For the reaction at \(298 \mathrm{K}\), $$2 \mathrm{NO}_{2}(g) \rightleftharpoons \mathrm{N}_{2} \mathrm{O}_{4}(g)$$ the values of \(\Delta H^{\circ}\) and \(\Delta S^{\circ}\) are \(-58.03 \mathrm{kJ}\) and \(-176.6 \mathrm{J} / \mathrm{K},\) respectively. What is the value of \(\Delta G^{\circ}\) at 298 K? Assuming that \(\Delta H^{\circ}\) and \(\Delta S^{\circ}\) do not depend on temperature, at what temperature is \(\Delta G^{\circ}=0 ?\) Is \(\Delta G^{\circ}\) negative above or below this temperature?

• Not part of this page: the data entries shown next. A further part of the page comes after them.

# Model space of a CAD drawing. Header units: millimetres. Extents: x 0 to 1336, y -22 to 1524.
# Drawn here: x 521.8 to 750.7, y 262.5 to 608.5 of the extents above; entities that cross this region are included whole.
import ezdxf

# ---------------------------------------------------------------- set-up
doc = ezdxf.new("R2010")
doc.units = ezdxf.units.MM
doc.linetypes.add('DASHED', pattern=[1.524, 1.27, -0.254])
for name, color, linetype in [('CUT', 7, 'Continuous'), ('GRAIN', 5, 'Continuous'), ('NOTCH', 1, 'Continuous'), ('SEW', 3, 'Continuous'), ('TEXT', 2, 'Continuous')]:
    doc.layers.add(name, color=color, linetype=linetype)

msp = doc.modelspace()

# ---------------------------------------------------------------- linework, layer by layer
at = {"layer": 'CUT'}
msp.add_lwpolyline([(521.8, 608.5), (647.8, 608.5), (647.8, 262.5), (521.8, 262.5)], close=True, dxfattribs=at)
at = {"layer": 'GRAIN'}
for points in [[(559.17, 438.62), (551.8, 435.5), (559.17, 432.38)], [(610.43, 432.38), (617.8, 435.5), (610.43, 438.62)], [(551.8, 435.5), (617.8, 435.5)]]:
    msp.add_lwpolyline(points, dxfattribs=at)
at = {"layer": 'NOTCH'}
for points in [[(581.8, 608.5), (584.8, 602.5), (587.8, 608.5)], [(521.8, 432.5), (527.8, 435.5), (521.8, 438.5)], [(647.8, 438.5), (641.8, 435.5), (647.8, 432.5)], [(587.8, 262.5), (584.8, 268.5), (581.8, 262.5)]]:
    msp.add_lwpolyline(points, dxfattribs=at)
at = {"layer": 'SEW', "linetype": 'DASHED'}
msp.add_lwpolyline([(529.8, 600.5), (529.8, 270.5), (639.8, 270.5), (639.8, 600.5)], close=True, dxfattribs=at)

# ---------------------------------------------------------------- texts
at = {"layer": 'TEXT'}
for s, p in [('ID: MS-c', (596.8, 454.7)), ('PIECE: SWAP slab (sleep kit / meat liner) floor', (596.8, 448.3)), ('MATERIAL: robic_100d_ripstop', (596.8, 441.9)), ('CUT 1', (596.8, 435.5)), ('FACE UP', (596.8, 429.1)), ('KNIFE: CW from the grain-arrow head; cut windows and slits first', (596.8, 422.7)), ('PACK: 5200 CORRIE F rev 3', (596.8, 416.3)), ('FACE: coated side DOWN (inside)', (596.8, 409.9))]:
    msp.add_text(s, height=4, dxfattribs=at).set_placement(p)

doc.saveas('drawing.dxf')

At 1 atm, liquid water is heated above \(100^{\circ} \mathrm{C}\). For this process, which of the following choices (i-iv) is correct for \(\Delta S_{\text {surr }}\) ? \(\Delta S ?\) \(\Delta S_{\text {univ }}\) ? Explain each answer. i. greater than zero ii. less than zero iii. equal to zero iv. cannot be determined

Consider the following reaction at \(298 \mathrm{K}:\) $$2 \mathrm{SO}_{2}(g)+\mathrm{O}_{2}(g) \longrightarrow 2 \mathrm{SO}_{3}(g)$$ An equilibrium mixture contains \(\mathrm{O}_{2}(g)\) and \(\mathrm{SO}_{3}(g)\) at partial pressures of 0.50 atm and 2.0 atm, respectively. Using data from Appendix \(4,\) determine the equilibrium partial pressure of \(\mathrm{SO}_{2}\) in the mixture. Will this reaction be most favored at a high or a low temperature, assuming standard conditions?

Consider the reaction $$\mathrm{H}_{2}(g)+\mathrm{Br}_{2}(g) \rightleftharpoons 2 \mathrm{HBr}(g)$$ where \(\Delta H^{\circ}=-103.8 \mathrm{kJ} / \mathrm{mol} .\) In a particular experiment, equal moles of \(\mathrm{H}_{2}(g)\) at 1.00 atm and \(\mathrm{Br}_{2}(g)\) at 1.00 atm were mixed in a 1.00-L flask at \(25^{\circ} \mathrm{C}\) and allowed to reach equilibrium. Then the molecules of \(\mathrm{H}_{2}\) at equilibrium were counted using a very sensitive technique, and \(1.10 \times 10^{13}\) molecules were found. For this reaction, calculate the values of \(K, \Delta G^{\circ},\) and \(\Delta S^{\circ} .\)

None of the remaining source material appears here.